Nothing but an exact copy of the data should be output.

INFORMATION SHOWN:
<<<<

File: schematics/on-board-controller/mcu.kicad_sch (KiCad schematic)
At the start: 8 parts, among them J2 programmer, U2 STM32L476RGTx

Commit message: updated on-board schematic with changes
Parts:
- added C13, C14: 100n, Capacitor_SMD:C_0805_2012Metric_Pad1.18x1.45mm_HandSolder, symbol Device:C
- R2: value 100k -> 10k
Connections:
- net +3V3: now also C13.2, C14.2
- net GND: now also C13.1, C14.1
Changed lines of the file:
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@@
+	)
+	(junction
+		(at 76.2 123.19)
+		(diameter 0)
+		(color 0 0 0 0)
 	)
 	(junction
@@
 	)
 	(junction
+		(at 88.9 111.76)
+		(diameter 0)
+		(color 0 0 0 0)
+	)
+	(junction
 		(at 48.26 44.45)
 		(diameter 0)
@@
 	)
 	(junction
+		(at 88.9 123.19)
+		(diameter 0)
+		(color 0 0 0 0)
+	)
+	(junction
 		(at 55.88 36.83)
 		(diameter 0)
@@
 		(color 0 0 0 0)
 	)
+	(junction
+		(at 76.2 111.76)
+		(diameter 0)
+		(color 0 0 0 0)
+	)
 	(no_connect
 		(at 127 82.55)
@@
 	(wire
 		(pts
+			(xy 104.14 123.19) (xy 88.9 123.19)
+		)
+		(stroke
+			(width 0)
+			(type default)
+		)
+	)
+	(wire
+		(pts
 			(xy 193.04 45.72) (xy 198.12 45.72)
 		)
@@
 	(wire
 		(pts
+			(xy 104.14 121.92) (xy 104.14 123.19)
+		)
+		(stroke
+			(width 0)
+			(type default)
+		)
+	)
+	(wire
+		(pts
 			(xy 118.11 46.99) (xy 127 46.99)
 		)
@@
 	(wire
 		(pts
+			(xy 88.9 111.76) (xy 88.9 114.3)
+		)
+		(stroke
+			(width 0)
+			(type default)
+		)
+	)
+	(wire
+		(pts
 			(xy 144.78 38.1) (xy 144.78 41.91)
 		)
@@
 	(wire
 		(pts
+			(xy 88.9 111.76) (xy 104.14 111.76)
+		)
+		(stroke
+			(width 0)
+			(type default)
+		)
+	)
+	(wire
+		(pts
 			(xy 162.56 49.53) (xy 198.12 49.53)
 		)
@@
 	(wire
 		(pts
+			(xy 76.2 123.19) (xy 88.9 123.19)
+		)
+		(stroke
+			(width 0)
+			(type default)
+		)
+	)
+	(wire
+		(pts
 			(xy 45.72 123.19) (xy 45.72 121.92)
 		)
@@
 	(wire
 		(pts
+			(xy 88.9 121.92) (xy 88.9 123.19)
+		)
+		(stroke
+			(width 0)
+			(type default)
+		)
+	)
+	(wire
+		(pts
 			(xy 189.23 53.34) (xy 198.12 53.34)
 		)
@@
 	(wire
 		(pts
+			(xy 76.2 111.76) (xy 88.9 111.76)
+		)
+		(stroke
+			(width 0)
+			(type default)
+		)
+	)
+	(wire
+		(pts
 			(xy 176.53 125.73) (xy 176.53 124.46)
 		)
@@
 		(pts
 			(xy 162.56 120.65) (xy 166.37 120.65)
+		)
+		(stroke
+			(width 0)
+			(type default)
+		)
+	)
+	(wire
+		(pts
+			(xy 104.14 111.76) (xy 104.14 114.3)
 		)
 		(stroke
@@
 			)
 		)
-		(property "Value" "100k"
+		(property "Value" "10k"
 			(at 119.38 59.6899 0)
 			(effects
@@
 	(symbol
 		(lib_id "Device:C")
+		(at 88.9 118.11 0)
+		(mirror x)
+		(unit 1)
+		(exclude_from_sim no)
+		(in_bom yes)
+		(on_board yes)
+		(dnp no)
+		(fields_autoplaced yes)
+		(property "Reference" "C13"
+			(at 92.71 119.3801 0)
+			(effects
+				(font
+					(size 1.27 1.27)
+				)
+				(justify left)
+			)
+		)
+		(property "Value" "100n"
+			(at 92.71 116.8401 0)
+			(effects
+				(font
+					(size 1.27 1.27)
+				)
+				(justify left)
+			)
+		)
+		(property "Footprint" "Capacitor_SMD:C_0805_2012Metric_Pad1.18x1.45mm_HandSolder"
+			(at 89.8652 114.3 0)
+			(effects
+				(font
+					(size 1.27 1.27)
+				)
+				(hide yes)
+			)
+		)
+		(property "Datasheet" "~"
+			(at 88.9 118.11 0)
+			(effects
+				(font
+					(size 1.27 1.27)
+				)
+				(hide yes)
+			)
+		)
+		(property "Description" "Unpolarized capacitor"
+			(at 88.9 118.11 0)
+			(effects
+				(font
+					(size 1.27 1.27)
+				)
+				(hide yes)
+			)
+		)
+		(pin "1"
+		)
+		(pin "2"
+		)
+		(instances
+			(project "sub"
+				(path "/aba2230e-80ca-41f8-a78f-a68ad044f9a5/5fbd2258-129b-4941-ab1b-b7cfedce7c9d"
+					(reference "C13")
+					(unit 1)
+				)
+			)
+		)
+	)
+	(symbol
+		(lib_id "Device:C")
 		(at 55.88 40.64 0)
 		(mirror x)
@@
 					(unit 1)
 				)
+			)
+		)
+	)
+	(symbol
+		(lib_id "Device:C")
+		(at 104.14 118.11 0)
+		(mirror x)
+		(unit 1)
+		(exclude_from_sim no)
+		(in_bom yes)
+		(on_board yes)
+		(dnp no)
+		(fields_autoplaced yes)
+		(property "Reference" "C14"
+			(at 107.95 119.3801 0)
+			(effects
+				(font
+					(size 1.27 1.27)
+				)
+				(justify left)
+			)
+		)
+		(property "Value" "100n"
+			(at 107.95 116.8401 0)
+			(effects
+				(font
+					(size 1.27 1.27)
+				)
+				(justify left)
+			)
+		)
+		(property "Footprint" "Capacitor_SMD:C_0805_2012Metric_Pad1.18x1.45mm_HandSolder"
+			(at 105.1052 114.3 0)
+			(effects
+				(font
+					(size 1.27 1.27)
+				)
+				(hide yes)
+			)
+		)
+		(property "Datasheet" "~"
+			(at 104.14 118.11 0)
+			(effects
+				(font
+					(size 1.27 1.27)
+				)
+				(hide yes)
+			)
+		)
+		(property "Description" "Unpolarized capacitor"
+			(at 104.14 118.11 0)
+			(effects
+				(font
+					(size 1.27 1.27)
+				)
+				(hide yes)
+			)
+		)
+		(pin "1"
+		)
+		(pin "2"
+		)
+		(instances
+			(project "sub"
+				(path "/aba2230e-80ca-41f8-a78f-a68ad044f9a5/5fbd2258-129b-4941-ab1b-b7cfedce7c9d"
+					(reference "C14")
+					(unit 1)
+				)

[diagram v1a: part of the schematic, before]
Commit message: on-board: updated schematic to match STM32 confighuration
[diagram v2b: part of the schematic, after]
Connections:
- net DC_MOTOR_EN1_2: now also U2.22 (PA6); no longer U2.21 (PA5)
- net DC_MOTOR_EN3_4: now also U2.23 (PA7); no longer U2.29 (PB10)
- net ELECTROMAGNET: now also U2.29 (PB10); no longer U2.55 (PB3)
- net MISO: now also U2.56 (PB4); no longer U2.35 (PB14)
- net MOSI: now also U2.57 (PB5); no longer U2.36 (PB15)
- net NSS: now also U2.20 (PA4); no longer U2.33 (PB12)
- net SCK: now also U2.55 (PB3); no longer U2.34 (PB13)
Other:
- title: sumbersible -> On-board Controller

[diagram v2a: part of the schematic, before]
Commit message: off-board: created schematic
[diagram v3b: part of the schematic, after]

>>>>

EXERCISE RESULT:
File: schematics/on-board-controller/mcu.kicad_sch (KiCad schematic)
At the start: 8 parts, among them J2 programmer, U2 STM32L476RGTx

Commit message: updated on-board schematic with changes
Parts:
- added C13, C14: 100n, Capacitor_SMD:C_0805_2012Metric_Pad1.18x1.45mm_HandSolder, symbol Device:C
- R2: value 100k -> 10k
Connections:
- net +3V3: now also C13.2, C14.2
- net GND: now also C13.1, C14.1
Changed lines of the file:
@@
+	)
+	(junction
+		(at 76.2 123.19)
+		(diameter 0)
+		(color 0 0 0 0)
 	)
 	(junction
@@
 	)
 	(junction
+		(at 88.9 111.76)
+		(diameter 0)
+		(color 0 0 0 0)
+	)
+	(junction
 		(at 48.26 44.45)
 		(diameter 0)
@@
 	)
 	(junction
+		(at 88.9 123.19)
+		(diameter 0)
+		(color 0 0 0 0)
+	)
+	(junction
 		(at 55.88 36.83)
 		(diameter 0)
@@
 		(color 0 0 0 0)
 	)
+	(junction
+		(at 76.2 111.76)
+		(diameter 0)
+		(color 0 0 0 0)
+	)
 	(no_connect
 		(at 127 82.55)
@@
 	(wire
 		(pts
+			(xy 104.14 123.19) (xy 88.9 123.19)
+		)
+		(stroke
+			(width 0)
+			(type default)
+		)
+	)
+	(wire
+		(pts
 			(xy 193.04 45.72) (xy 198.12 45.72)
 		)
@@
 	(wire
 		(pts
+			(xy 104.14 121.92) (xy 104.14 123.19)
+		)
+		(stroke
+			(width 0)
+			(type default)
+		)
+	)
+	(wire
+		(pts
 			(xy 118.11 46.99) (xy 127 46.99)
 		)
@@
 	(wire
 		(pts
+			(xy 88.9 111.76) (xy 88.9 114.3)
+		)
+		(stroke
+			(width 0)
+			(type default)
+		)
+	)
+	(wire
+		(pts
 			(xy 144.78 38.1) (xy 144.78 41.91)
 		)
@@
 	(wire
 		(pts
+			(xy 88.9 111.76) (xy 104.14 111.76)
+		)
+		(stroke
+			(width 0)
+			(type default)
+		)
+	)
+	(wire
+		(pts
 			(xy 162.56 49.53) (xy 198.12 49.53)
 		)
@@
 	(wire
 		(pts
+			(xy 76.2 123.19) (xy 88.9 123.19)
+		)
+		(stroke
+			(width 0)
+			(type default)
+		)
+	)
+	(wire
+		(pts
 			(xy 45.72 123.19) (xy 45.72 121.92)
 		)
@@
 	(wire
 		(pts
+			(xy 88.9 121.92) (xy 88.9 123.19)
+		)
+		(stroke
+			(width 0)
+			(type default)
+		)
+	)
+	(wire
+		(pts
 			(xy 189.23 53.34) (xy 198.12 53.34)
 		)
@@
 	(wire
 		(pts
+			(xy 76.2 111.76) (xy 88.9 111.76)
+		)
+		(stroke
+			(width 0)
+			(type default)
+		)
+	)
+	(wire
+		(pts
 			(xy 176.53 125.73) (xy 176.53 124.46)
 		)
@@
 		(pts
 			(xy 162.56 120.65) (xy 166.37 120.65)
+		)
+		(stroke
+			(width 0)
+			(type default)
+		)
+	)
+	(wire
+		(pts
+			(xy 104.14 111.76) (xy 104.14 114.3)
 		)
 		(stroke
@@
 			)
 		)
-		(property "Value" "100k"
+		(property "Value" "10k"
 			(at 119.38 59.6899 0)
 			(effects
@@
 	(symbol
 		(lib_id "Device:C")
+		(at 88.9 118.11 0)
+		(mirror x)
+		(unit 1)
+		(exclude_from_sim no)
+		(in_bom yes)
+		(on_board yes)
+		(dnp no)
+		(fields_autoplaced yes)
+		(property "Reference" "C13"
+			(at 92.71 119.3801 0)
+			(effects
+				(font
+					(size 1.27 1.27)
+				)
+				(justify left)
+			)
+		)
+		(property "Value" "100n"
+			(at 92.71 116.8401 0)
+			(effects
+				(font
+					(size 1.27 1.27)
+				)
+				(justify left)
+			)
+		)
+		(property "Footprint" "Capacitor_SMD:C_0805_2012Metric_Pad1.18x1.45mm_HandSolder"
+			(at 89.8652 114.3 0)
+			(effects
+				(font
+					(size 1.27 1.27)
+				)
+				(hide yes)
+			)
+		)
+		(property "Datasheet" "~"
+			(at 88.9 118.11 0)
+			(effects
+				(font
+					(size 1.27 1.27)
+				)
+				(hide yes)
+			)
+		)
+		(property "Description" "Unpolarized capacitor"
+			(at 88.9 118.11 0)
+			(effects
+				(font
+					(size 1.27 1.27)
+				)
+				(hide yes)
+			)
+		)
+		(pin "1"
+		)
+		(pin "2"
+		)
+		(instances
+			(project "sub"
+				(path "/aba2230e-80ca-41f8-a78f-a68ad044f9a5/5fbd2258-129b-4941-ab1b-b7cfedce7c9d"
+					(reference "C13")
+					(unit 1)
+				)
+			)
+		)
+	)
+	(symbol
+		(lib_id "Device:C")
 		(at 55.88 40.64 0)
 		(mirror x)
@@
 					(unit 1)
 				)
+			)
+		)
+	)
+	(symbol
+		(lib_id "Device:C")
+		(at 104.14 118.11 0)
+		(mirror x)
+		(unit 1)
+		(exclude_from_sim no)
+		(in_bom yes)
+		(on_board yes)
+		(dnp no)
+		(fields_autoplaced yes)
+		(property "Reference" "C14"
+			(at 107.95 119.3801 0)
+			(effects
+				(font
+					(size 1.27 1.27)
+				)
+				(justify left)
+			)
+		)
+		(property "Value" "100n"
+			(at 107.95 116.8401 0)
+			(effects
+				(font
+					(size 1.27 1.27)
+				)
+				(justify left)
+			)
+		)
+		(property "Footprint" "Capacitor_SMD:C_0805_2012Metric_Pad1.18x1.45mm_HandSolder"
+			(at 105.1052 114.3 0)
+			(effects
+				(font
+					(size 1.27 1.27)
+				)
+				(hide yes)
+			)
+		)
+		(property "Datasheet" "~"
+			(at 104.14 118.11 0)
+			(effects
+				(font
+					(size 1.27 1.27)
+				)
+				(hide yes)
+			)
+		)
+		(property "Description" "Unpolarized capacitor"
+			(at 104.14 118.11 0)
+			(effects
+				(font
+					(size 1.27 1.27)
+				)
+				(hide yes)
+			)
+		)
+		(pin "1"
+		)
+		(pin "2"
+		)
+		(instances
+			(project "sub"
+				(path "/aba2230e-80ca-41f8-a78f-a68ad044f9a5/5fbd2258-129b-4941-ab1b-b7cfedce7c9d"
+					(reference "C14")
+					(unit 1)
+				)

[diagram v1a: part of the schematic, before]
Commit message: on-board: updated schematic to match STM32 confighuration
[diagram v2b: part of the schematic, after]
Connections:
- net DC_MOTOR_EN1_2: now also U2.22 (PA6); no longer U2.21 (PA5)
- net DC_MOTOR_EN3_4: now also U2.23 (PA7); no longer U2.29 (PB10)
- net ELECTROMAGNET: now also U2.29 (PB10); no longer U2.55 (PB3)
- net MISO: now also U2.56 (PB4); no longer U2.35 (PB14)
- net MOSI: now also U2.57 (PB5); no longer U2.36 (PB15)
- net NSS: now also U2.20 (PA4); no longer U2.33 (PB12)
- net SCK: now also U2.55 (PB3); no longer U2.34 (PB13)
Other:
- title: sumbersible -> On-board Controller

[diagram v2a: part of the schematic, before]
Commit message: off-board: created schematic
[diagram v3b: part of the schematic, after]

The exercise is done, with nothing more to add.